Il cibo ha il proprio vocabolario, un gergo che varia da prodotto a prodotto e da un territorio a un altro. Ciò vale, per esempio, per il vino e tutte le fasi della trasformazione dell'uva, per il mondo della pesca o dell'agricoltura. E vale anche per la carne, con una serie di termini che identificano le varie parti dell'animale, che segnano la netta distinzione tra la parte di un bue, quella di un vitello o di un maiale, che identificano gli elementi più pregiati e quelli meno nobili.

Quanti, ad esempio sanno che «girello» è quella parte del quarto posteriore di un bovino normalmente utilizzata per le scaloppine? Che «reale» identifica una parte del quarto anteriore usata per brasati o bolliti e che il «quarto pistola» altro non è se non la sezione del quarto posteriore che, per la sua forma, richiama alla mente proprio una pistola?
Questi, naturalmente, sono solo alcuni esempi, ma la lista si allunga a dismisura se si pensa che ad ogni termine ne corrispondono tanti quanti sono i dialetti locali, ben riassumendo l'importanza che ciascuna parte riveste nell'alimentazione di quella data porzione di territorio.
Ecco allora che la lombata diventa in palermitano trinca, la fesa fasciatura, il girello lacertu, la polpa di spalla sfasciaturedda, il geretto anteriore manuzza, la noce bausa. E ancora lo scamone si identifica come sottocudata, il campanello diventa pisciuni e il petto bruschetto.

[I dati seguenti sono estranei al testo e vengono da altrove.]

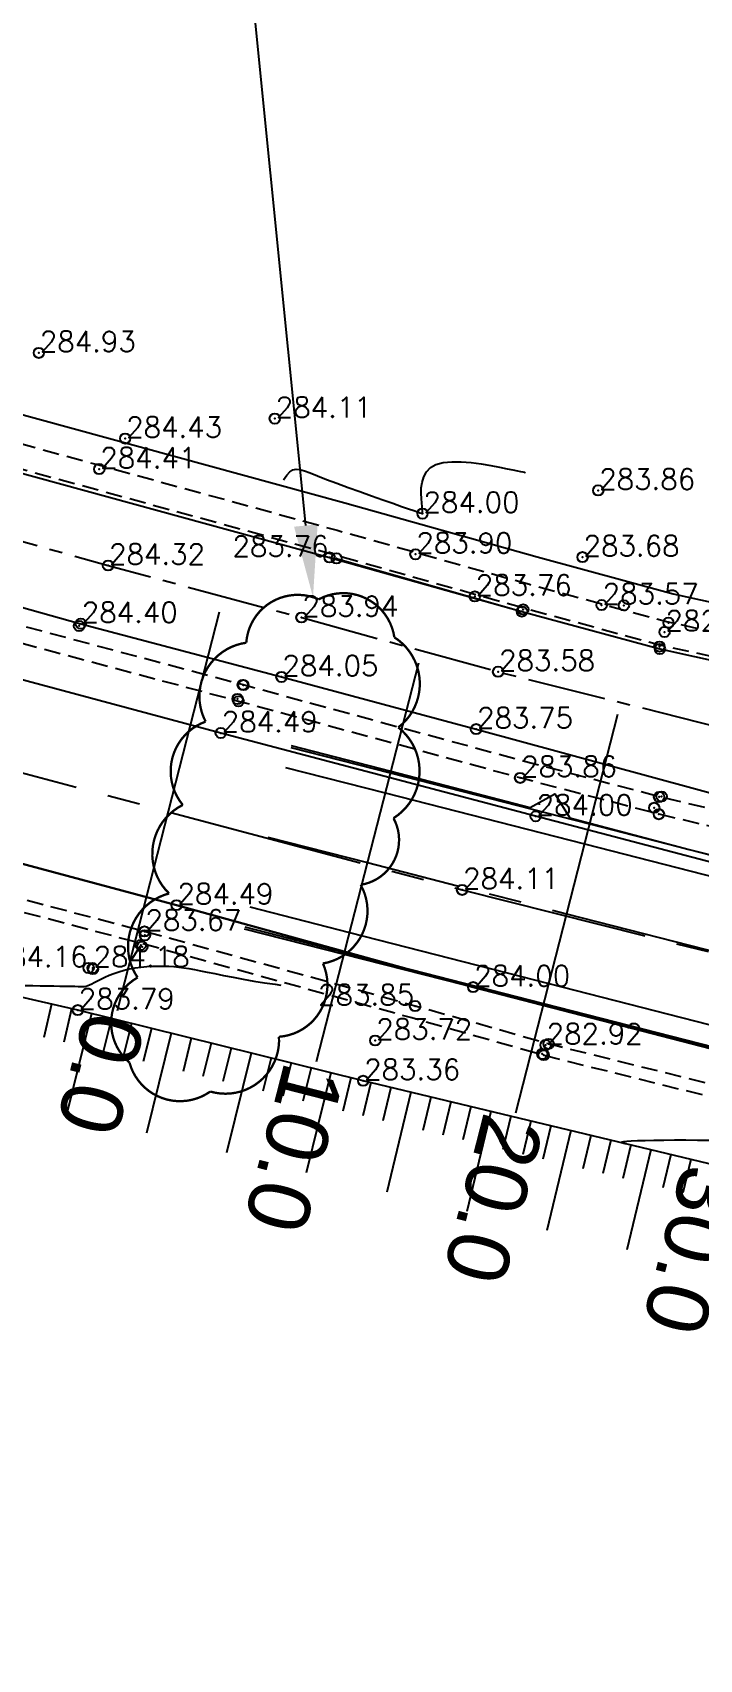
# Model space of a CAD drawing. Header units: millimetres. Extents: x 524954 to 526204, y 9523489 to 9524010.
# Drawn here: x 525035.2 to 525067.7, y 9523742.4 to 9523821.4 of the extents above; entities that cross this region are included whole.
import ezdxf
from ezdxf import colors
from ezdxf.entities.mleader import LeaderData, LeaderLine
from ezdxf.enums import TextEntityAlignment as Align
from ezdxf.math import Vec2, Vec3

# ---------------------------------------------------------------- set-up
doc = ezdxf.new("R2010")
doc.units = ezdxf.units.MM
doc.header["$PDMODE"] = 32
doc.header["$PDSIZE"] = 0.5
doc.linetypes.add('AXES2', pattern=[28.575, 19.05, -3.175, 3.175, -3.175])
doc.linetypes.add('CACHE2', pattern=[4.7625, 3.175, -1.5875])
for name, color, linetype in [('Axe_Route_Existante', 1, 'AXES2'), ('Bord_Route_Existante', 6, 'Continuous'), ('Caniveau', 5, 'CACHE2'), ('CN_01_00', 3, 'Continuous'), ('CN_02_00', 4, 'Continuous'), ('Haut_Talus', 30, 'Continuous'), ('Route - Axe Route de la corniche 1 - Restitution en plan - Axe', 1, 'AXES2'), ('Route - Axe Route de la corniche 1 - Restitution en plan - GEM_Berme', 7, 'Continuous'), ('Route - Axe Route de la corniche 1 - Restitution en plan - GEM_Bretelle', 7, 'Continuous'), ('Route - Axe Route de la corniche 1 - Restitution en plan - Talus déblais', 1, 'Continuous'), ('Route - Axe Route de la corniche 1 - Restitution en plan - Talus remblais', 94, 'Continuous'), ('Route - Axe Route de la corniche 1 - Tabulations', 7, 'Continuous'), ('Route - Axe Route de la corniche 1 - Textes - Tabulations', 5, 'Continuous'), ('Talus', 2, 'Continuous'), ('TopoAlt', 3, 'Continuous'), ('TOPOJIS', 7, 'Continuous')]:
    doc.layers.add(name, color=color, linetype=linetype)
doc.layers.add('Bord_Route_Existante_POLY3D', color=6, linetype='Continuous', plot=False)
doc.layers.add('Trottoir', color=7, linetype='Continuous', true_color=0xff6666)
doc.styles.add('Affichages route', font='arial.ttf', dxfattribs={"height": 0.5})
doc.styles.add('Simplex 1.0', font='Simplex.shx', dxfattribs={"width": 0.99, "height": 1})
doc.styles.get("Standard").update_dxf_attribs({"font": 'arial.ttf'})

# ---------------------------------------------------------------- blocks, each defined once
blk = doc.blocks.new('TCPOINT M')
at = {"color": 0}
blk.add_point((0, 0), dxfattribs=at)
at = {"layer": 'TopoAlt', "style": 'Simplex 1.0', "width": 0.99}
blk.add_attdef('ALT', (0.15, 0.15), '', height=1, dxfattribs=at)
blk = doc.blocks.new('MENSURA_TALSYM_2')
at = {"layer": 'Route - Axe Route de la corniche 1 - Restitution en plan - Talus déblais'}
for p, q in [((525047.819, 9523786.777), (525047.819, 9523786.777)), ((525049.022, 9523786.438), (525049.028, 9523786.463)), ((525050.232, 9523786.125), (525050.238, 9523786.149)), ((525051.442, 9523785.812), (525051.448, 9523785.835)), ((525052.641, 9523785.455), (525052.658, 9523785.521)), ((525053.863, 9523785.186), (525053.868, 9523785.207)), ((525055.075, 9523784.873), (525055.078, 9523784.893)), ((525056.286, 9523784.559), (525056.288, 9523784.579)), ((525057.498, 9523784.208), (525057.498, 9523784.265)), ((525058.709, 9523783.933), (525058.708, 9523783.951)), ((525059.886, 9523783.889), (525059.872, 9523784.003)), ((525060.747, 9523784.046), (525060.836, 9523784.101)), ((525061.583, 9523783.157), (525061.605, 9523783.187)), ((525062.81, 9523782.859), (525062.814, 9523782.868)), ((525064.02, 9523782.542), (525064.022, 9523782.548)), ((525065.23, 9523782.225), (525065.231, 9523782.229)), ((525066.438, 9523781.906), (525066.439, 9523781.91))]:
    blk.add_line(p, q, dxfattribs=at)
blk = doc.blocks.new('MENSURA_TALSYM_3')
at = {"layer": 'Route - Axe Route de la corniche 1 - Restitution en plan - Talus déblais'}
for p, q in [((525046.749, 9523777.562), (525046.755, 9523777.585)), ((525047.96, 9523777.253), (525047.966, 9523777.276)), ((525049.172, 9523776.944), (525049.177, 9523776.967)), ((525050.383, 9523776.635), (525050.4, 9523776.703)), ((525051.594, 9523776.328), (525051.6, 9523776.349)), ((525052.806, 9523776.02), (525052.811, 9523776.041)), ((525054.018, 9523775.712), (525054.023, 9523775.733)), ((525055.229, 9523775.405), (525055.244, 9523775.465)), ((525056.441, 9523775.097), (525056.446, 9523775.116)), ((525057.652, 9523774.79), (525057.657, 9523774.808)), ((525058.864, 9523774.482), (525058.868, 9523774.5)), ((525060.075, 9523774.175), (525060.088, 9523774.226)), ((525061.287, 9523773.868), (525061.291, 9523773.884)), ((525062.499, 9523773.562), (525062.503, 9523773.577)), ((525063.711, 9523773.256), (525063.715, 9523773.27)), ((525064.923, 9523772.95), (525064.933, 9523772.989)), ((525066.135, 9523772.644), (525066.138, 9523772.656)), ((525067.347, 9523772.338), (525067.35, 9523772.349))]:
    blk.add_line(p, q, dxfattribs=at)

msp = doc.modelspace()

# ---------------------------------------------------------------- linework, layer by layer
at = {"const_width": 0.113, "flags": 128}
msp.add_lwpolyline([(525052.792, 9523783.24, 0.520567), (525053.025, 9523787.651, 0.520567), (525053.025, 9523787.651, 0.520567), (525052.835, 9523792.03, 0.520567), (525052.835, 9523792.03, 0.520567), (525049.155, 9523793.877, 0.520567), (525049.155, 9523793.877, 0.520567), (525045.633, 9523791.768, 0.520567), (525045.633, 9523791.768, 0.520567), (525043.657, 9523787.934, 0.520567), (525043.657, 9523787.934, 0.520567), (525042.547, 9523783.883, 0.520567), (525042.547, 9523783.883, 0.520567), (525041.881, 9523779.581, 0.520567), (525041.881, 9523779.581, 0.520567), (525040.349, 9523775.497, 0.520567), (525040.349, 9523775.497, 0.520567), (525039.954, 9523771.358, 0.520567), (525039.954, 9523771.358, 0.520567), (525043.884, 9523769.955, 0.520567), (525043.884, 9523769.955, 0.520567), (525047.223, 9523772.616, 0.520567), (525047.223, 9523772.616, 0.520567), (525049.361, 9523776.179, 0.520567), (525049.361, 9523776.179, 0.520567), (525051.196, 9523780.002, 0.520567), (525051.196, 9523780.002, 0.520567), (525052.792, 9523783.24)], format="xyb", dxfattribs=at)
at = {"layer": 'Axe_Route_Existante', "ltscale": 0.5, "flags": 128}
msp.add_lwpolyline([(524973.101, 9523802.49), (525007.26, 9523792.779), (525027.54, 9523787.364), (525056.127, 9523779.755), (525082.674, 9523773.102), (525107.546, 9523770.048), (525120.684, 9523770.139), (525151.777, 9523772.648), (525176.899, 9523773.894), (525199.324, 9523771.095), (525218.337, 9523765.264), (525227.192, 9523761.534), (525233.843, 9523758.094), (525246.468, 9523751.167), (525256.506, 9523745.531), (525267.014, 9523739.694), (525277.691, 9523733.704), (525288.849, 9523727.299), (525294.632, 9523724.022), (525301.927, 9523719.966), (525310.691, 9523715.333), (525328.32, 9523705.784), (525328.32, 9523705.784), (525337.316, 9523700.691), (525351.138, 9523692.703), (525363.696, 9523685.45), (525368.801, 9523682.627), (525375.475, 9523679.109), (525390.225, 9523670.468), (525400.9, 9523665.019), (525419.619, 9523658.456), (525435.368, 9523656.046), (525454.334, 9523656.625), (525476.288, 9523660.734), (525488.784, 9523664.768), (525501.859, 9523668.012), (525521.809, 9523675.315), (525541.116, 9523687.802), (525552.62, 9523697.708), (525562.351, 9523710.18), (525568.681, 9523722.572), (525575.059, 9523738.704), (525576.995, 9523751.051), (525577.798, 9523776.069), (525576.166, 9523799.52), (525574.181, 9523815.429), (525572.049, 9523834.204), (525569.92, 9523851.041), (525567.326, 9523868.19), (525565.579, 9523885.379), (525563.689, 9523903.219), (525561.356, 9523920.701), (525558.839, 9523938.161)], dxfattribs=at)
at = {"layer": 'Axe_Route_Existante', "ltscale": 0.2, "flags": 128}
msp.add_lwpolyline([(524977.305, 9523814.695), (525006.059, 9523804.831), (525028.37, 9523798.479), (525038.912, 9523795.522), (525048.316, 9523792.994), (525057.878, 9523790.358), (525070.878, 9523787.094), (525082.145, 9523784.869), (525094.524, 9523783.207), (525107.043, 9523782.438), (525119.719, 9523782.246), (525132.005, 9523782.846), (525146.311, 9523784.281), (525160.389, 9523785.573)], dxfattribs=at)
at = {"layer": 'Bord_Route_Existante', "flags": 128}
for points in [[(524978.471, 9523817.452), (525006.714, 9523807.672), (525049.682, 9523795.913), (525049.682, 9523795.913), (525059.038, 9523793.284), (525065.745, 9523791.464), (525070.953, 9523790.327), (525075.487, 9523789.263), (525081.936, 9523787.979), (525091.28, 9523786.607), (525094.329, 9523786.248), (525106.067, 9523785.345), (525119.054, 9523785.177), (525127.352, 9523785.549)], [(524976.461, 9523811.679), (525005.191, 9523801.758), (525025.279, 9523796.13), (525037.584, 9523792.694), (525047.344, 9523790.104), (525056.807, 9523787.568), (525069.508, 9523784.121), (525081.536, 9523781.639), (525092.597, 9523780.179), (525105.432, 9523779.119), (525119.151, 9523778.983), (525131.181, 9523779.552)], [(525221.578, 9523770.941), (525214.394, 9523773.56), (525201.773, 9523777.091), (525187.993, 9523779.477), (525178.148, 9523780.174), (525172.157, 9523780.555), (525166.33, 9523780.26), (525154.489, 9523779.368), (525145.368, 9523778.551), (525120.497, 9523776.02), (525106.173, 9523774.773), (525099.776, 9523775.298), (525085.501, 9523777.091), (525074.621, 9523779.414), (525059.705, 9523783.331), (525044.394, 9523787.379), (525028.625, 9523791.594), (525012.747, 9523795.824), (524999.188, 9523799.53), (524974.162, 9523806.373)], [(525125.167, 9523764.211), (525102.493, 9523766.683), (525102.493, 9523766.683), (525083.482, 9523768.521), (525071.595, 9523771.17), (525056.669, 9523775.03), (525042.24, 9523779.013), (525025.367, 9523783.534), (525010.659, 9523787.6), (524993.307, 9523792.15), (524972.341, 9523799.079)]]:
    msp.add_lwpolyline(points, dxfattribs=at)
at = {"layer": 'Bord_Route_Existante_POLY3D'}
for points in [[(524978.471, 9523817.452, 286.86), (525006.708, 9523807.726, 285.65), (525006.714, 9523807.672, 285.48), (525049.682, 9523795.913, 283.76), (525050.025, 9523795.866, 283.81), (525059.038, 9523793.284, 283.52), (525065.745, 9523791.464, 283.3), (525070.953, 9523790.327, 283.1), (525071.004, 9523790.39, 283.25), (525075.487, 9523789.263, 282.93), (525081.936, 9523787.979, 282.72), (525091.28, 9523786.607, 282.4), (525094.329, 9523786.248, 282.3), (525106.067, 9523785.345, 281.92), (525119.054, 9523785.177, 281.47), (525127.352, 9523785.549, 281.18)], [(524976.461, 9523811.679, 287.12), (525005.191, 9523801.758, 285.67), (525025.279, 9523796.13, 284.91), (525037.584, 9523792.694, 284.4), (525047.344, 9523790.104, 284.05), (525056.807, 9523787.568, 283.75), (525069.508, 9523784.121, 283.35), (525081.536, 9523781.639, 282.97), (525092.597, 9523780.179, 282.55), (525105.432, 9523779.119, 282.13), (525119.151, 9523778.983, 281.72), (525131.181, 9523779.552, 281.32)], [(525145.368, 9523778.551, 280.86), (525120.497, 9523776.02, 281.76), (525106.173, 9523774.773, 282.29), (525099.776, 9523775.298, 282.6), (525085.501, 9523777.091, 283.1), (525074.621, 9523779.414, 283.47), (525059.705, 9523783.331, 284), (525044.394, 9523787.379, 284.49), (525028.625, 9523791.594, 285.05), (525012.747, 9523795.824, 285.57), (524999.188, 9523799.53, 285.91), (524974.162, 9523806.373, 286.24)], [(524972.341, 9523799.079, 0), (524993.307, 9523792.15, 285.9), (525010.659, 9523787.6, 285.49), (525025.367, 9523783.534, 285.08), (525042.24, 9523779.013, 284.49), (525056.669, 9523775.03, 284), (525071.595, 9523771.17, 283.51), (525083.482, 9523768.521, 283.1), (525102.493, 9523766.683, 0), (525125.167, 9523764.211, 281.6), (525144.506, 9523765.617, 280.96)]]:
    msp.add_polyline3d(points, dxfattribs=at)
at = {"layer": 'Caniveau', "ltscale": 0.25, "flags": 128}
for points in [[(524978.921, 9523818.749), (525007.12, 9523808.984), (525050.049, 9523797.236), (525059.403, 9523794.608), (525066.071, 9523792.798), (525071.256, 9523791.666), (525075.778, 9523790.605), (525082.17, 9523789.332), (525091.46, 9523787.968), (525094.462, 9523787.615), (525106.129, 9523786.717), (525119.032, 9523786.55), (525127.277, 9523786.92), (525130.781, 9523787.148), (525144.254, 9523788.692), (525157.053, 9523789.824), (525159.565, 9523789.96), (525186.295, 9523791.678), (525194.148, 9523792.321), (525204.801, 9523793.175), (525211.059, 9523793.613), (525217.049, 9523794.156), (525223.871, 9523794.405), (525235.946, 9523793.365), (525246.588, 9523790.704), (525250.771, 9523788.828), (525257.796, 9523785.005), (525267.26, 9523779.721), (525275.934, 9523774.674), (525286.15, 9523769.083)], [(524978.535, 9523817.634), (525006.771, 9523807.856), (525049.734, 9523796.099), (525059.089, 9523793.471), (525065.79, 9523791.652), (525070.996, 9523790.516), (525075.528, 9523789.452), (525081.969, 9523788.169), (525091.305, 9523786.798), (525094.348, 9523786.441), (525106.076, 9523785.538), (525119.051, 9523785.37), (525127.341, 9523785.742), (525130.887, 9523785.973), (525144.373, 9523787.518), (525157.137, 9523788.647), (525159.635, 9523788.783), (525186.381, 9523790.501), (525194.243, 9523791.145), (525204.889, 9523791.999), (525211.154, 9523792.437), (525217.124, 9523792.978), (525223.842, 9523793.224), (525235.751, 9523792.198), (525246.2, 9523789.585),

«In Sicilia – racconta il professor Vincenzo Chiofalo, presidente del Consorzio ricerca Filiera carni, Corfilcarni – si consumano molti tagli posteriori che sono meno grassi rispetto agli anteriori tipo il petto, la punta di petto o il biancostato, che, invece, sono più usati al nord per preparare, ad esempio, i bolliti. I siciliani privilegiano la lombata, il filetto, le costate». Ma qualcosa sta cambiando. I ritmi più serrati delle famiglie moderne che hanno a disposizione sempre meno tempo da dedicare alla spesa e alla cucina, hanno fatto sì che anche le macellerie si adeguassero alle nuove esigenze ed il diffondersi di preparati nelle grandi catene di supermercati e di trasformati nelle botteghe sotto casa, hanno portato ad un maggiore utilizzo consapevole di tutti i tagli di carne.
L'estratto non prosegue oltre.